It's time for revenge—has been ever since old-before-his-time crook Kaz and his friends were double-crossed by the merchant princes of Ketterdam, an early-industrial Amsterdam-like fantasy city filled to the brim with crime and corruption. Disabled, infuriated, and perpetually scheming Kaz, the light-skinned teen mastermind, coordinates the efforts to rescue Inej. Though Kaz is loath to admit weakness, Inej is his, for he can't bear any harm come to the knife-wielding, brown-skinned Suli acrobat.
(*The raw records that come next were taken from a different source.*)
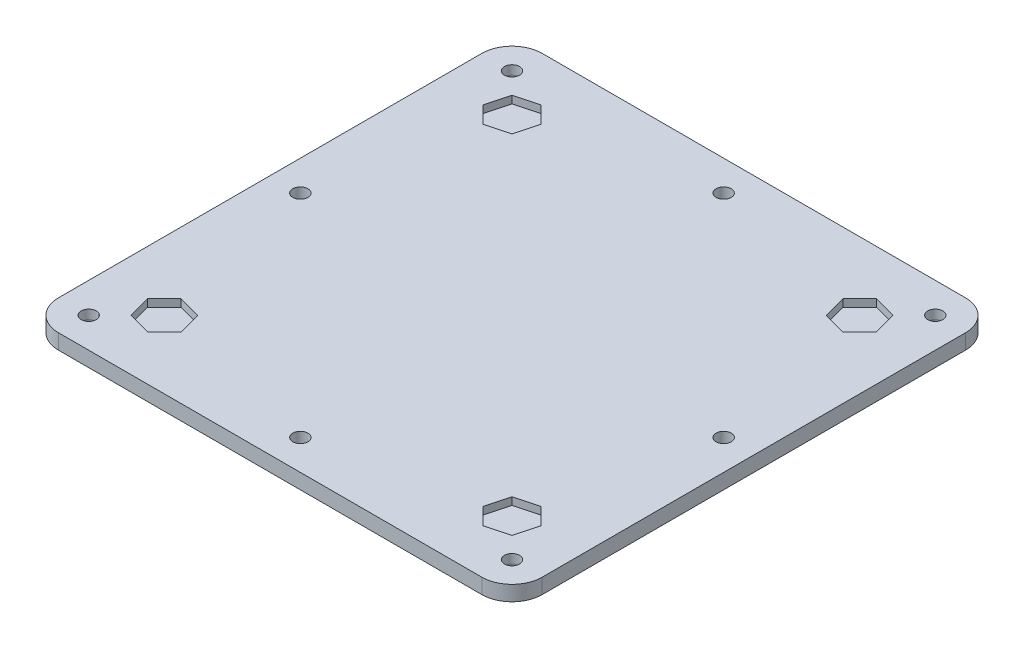
SolidWorks part; units mm, degrees
ref_plane "Front Plane" through (0, 0, 0) normal (0, 0, 1) x (1, 0, 0)
ref_plane "Top Plane" through (0, 0, 0) normal (0, 1, 0) x (1, 0, 0)
ref_plane "Right Plane" through (0, 0, 0) normal (1, 0, 0) x (0, 0, -1)
sketch "Sketch1" plane through (0, 0, 0) normal (0, 1, 0) x (1, 0, 0)
  line L1 (0, 0) -> (203.2, 0)
  line L2 (0, 0) -> (0, 203.2)
  line L3 (0, 203.2) -> (203.2, 203.2)
  line L4 (203.2, 0) -> (203.2, 203.2)
  dimension "D1" = 203.2
  dimension "D2" = 203.2
extrude "Boss-Extrude1" add sketch "Sketch1" along normal blind 6.35
fillet "Fillet1" radius 12.7 4 edges at (0, 3.175, -203.2) (0, 3.175, 0) (203.2, 3.175, 0) (203.2, 3.175, -203.2)
sketch "Sketch2" plane through (0, 0, 0) normal (0, -1, 0) x (1, 0, 0)
  circle A0 centre (12.7, -12.7) radius 3.175
  circle A1 centre (190.5, -12.7) radius 3.175
  circle A2 centre (190.5, -190.5) radius 3.175
  circle A3 centre (12.7, -190.5) radius 3.175
  arc A4 (190.5, -203.2) -> (203.2, -190.5) centre (190.5, -190.5) ccw construction
  arc A5 (12.7, 0) -> (0, -12.7) centre (12.7, -12.7) ccw construction
  dimension "D1" = 6.35
extrude "Cut-Extrude1" cut sketch "Sketch2" against normal through all
sketch "Sketch22" plane through (0, 6.35, 0) normal (0, 1, 0) x (1, 0, 0)
  line L17 (190.5, 203.2) -> (12.7, 203.2) construction
  line L18 (203.2, 12.7) -> (203.2, 190.5) construction
  line L21 (181.6542, 181.6542) -> (172.0521, 184.2271)
  line L22 (172.0521, 184.2271) -> (165.0229, 177.1979)
  line L23 (165.0229, 177.1979) -> (167.5958, 167.5958)
  line L24 (167.5958, 167.5958) -> (177.1979, 165.0229)
  line L25 (177.1979, 165.0229) -> (184.2271, 172.0521)
  line L26 (184.2271, 172.0521) -> (181.6542, 181.6542)
  line L27 (174.625, 174.625) -> (190.5, 190.5) construction
  line L28 (101.6, 203.2) -> (101.6, 0) construction
  line L29 (12.7, 0) -> (190.5, 0) construction
  line L30 (203.2, 101.6) -> (0, 101.6) construction
  line L31 (0, 190.5) -> (0, 12.7) construction
  line L32 (28.575, 174.625) -> (12.7, 190.5) construction
  line L33 (18.9729, 172.0521) -> (21.5458, 181.6542)
  line L34 (26.0021, 165.0229) -> (18.9729, 172.0521)
  line L35 (35.6042, 167.5958) -> (26.0021, 165.0229)
  line L36 (38.1771, 177.1979) -> (35.6042, 167.5958)
  line L37 (31.1479, 184.2271) -> (38.1771, 177.1979)
  line L38 (21.5458, 181.6542) -> (31.1479, 184.2271)
  line L39 (174.625, 28.575) -> (190.5, 12.7) construction
  line L40 (184.2271, 31.1479) -> (181.6542, 21.5458)
  line L41 (177.1979, 38.1771) -> (184.2271, 31.1479)
  line L42 (167.5958, 35.6042) -> (177.1979, 38.1771)
  line L43 (165.0229, 26.0021) -> (167.5958, 35.6042)
  line L44 (172.0521, 18.9729) -> (165.0229, 26.0021)
  line L45 (181.6542, 21.5458) -> (172.0521, 18.9729)
  line L46 (28.575, 28.575) -> (12.7, 12.7) construction
  line L47 (21.5458, 21.5458) -> (31.1479, 18.9729)
  line L48 (31.1479, 18.9729) -> (38.1771, 26.0021)
  line L49 (38.1771, 26.0021) -> (35.6042, 35.6042)
  line L50 (35.6042, 35.6042) -> (26.0021, 38.1771)
  line L51 (26.0021, 38.1771) -> (18.9729, 31.1479)
  line L52 (18.9729, 31.1479) -> (21.5458, 21.5458)
  circle A0 centre (174.625, 174.625) radius 8.609 construction
  circle A1 centre (28.575, 174.625) radius 8.609 construction
  circle A2 centre (174.625, 28.575) radius 8.609 construction
  circle A3 centre (28.575, 28.575) radius 8.609 construction
  dimension "D5" = 17.218
  dimension "D3" = 28.575
  dimension "D4" = 28.575
extrude "Cut-Extrude2" cut sketch "Sketch22" against normal blind 3.175
fillet "Fillet2" radius 2.54 4 edges at (12.7, 0, -15.875) (12.7, 0, -193.675) (190.5, 0, -193.675) (190.5, 0, -15.875)
sketch "Sketch23" plane through (0, 6.35, 0) normal (0, 1, 0) x (1, 0, 0)
  line L0 (21.5458, 21.5458) -> (181.6542, 181.6542) construction
  line L1 (21.5458, 181.6542) -> (181.6542, 21.5458) construction
  line L2 (203.2, 12.7) -> (203.2, 190.5) construction
  circle A0 centre (190.5, 101.6) radius 3.175
  circle A1 centre (101.6, 12.7) radius 3.175
  circle A2 centre (12.7, 101.6) radius 3.175
  circle A3 centre (101.6, 190.5) radius 3.175
  point P12 (203.2, 101.6)
  point P13 (101.6, 101.6)
  dimension "D3" = 6.35
  dimension "D2" = 12.7
  dimension "D1" = 4
extrude "Cut-Extrude3" cut sketch "Sketch23" against normal through all

Their team is rounded out by Wylan, a light-skinned chemist and musician whose merchant father tried to have him murdered and who can't read due to a print disability; Wylan's brown-skinned biracial boyfriend, Jesper, a flirtatious gambler with ADHD; Nina, the pale brunette Grisha witch and recovering addict from Russia-like Ravka; Matthias, Nina's national enemy and great love, a big, white, blond drüskelle warrior from the cold northern lands; and Kuwei, the rescued Shu boy everyone wants to kidnap. Can these kids rescue everyone who needs rescuing in Ketterdam's vile political swamp? This is dark and violent—one notable scene features a parade of teens armed with revolvers, rifles, pistols, explosives, and flash bombs—but gut-wrenchingly genuine. Astonishingly, Bardugo keeps all these balls in the air over the 500-plus pages of narrative.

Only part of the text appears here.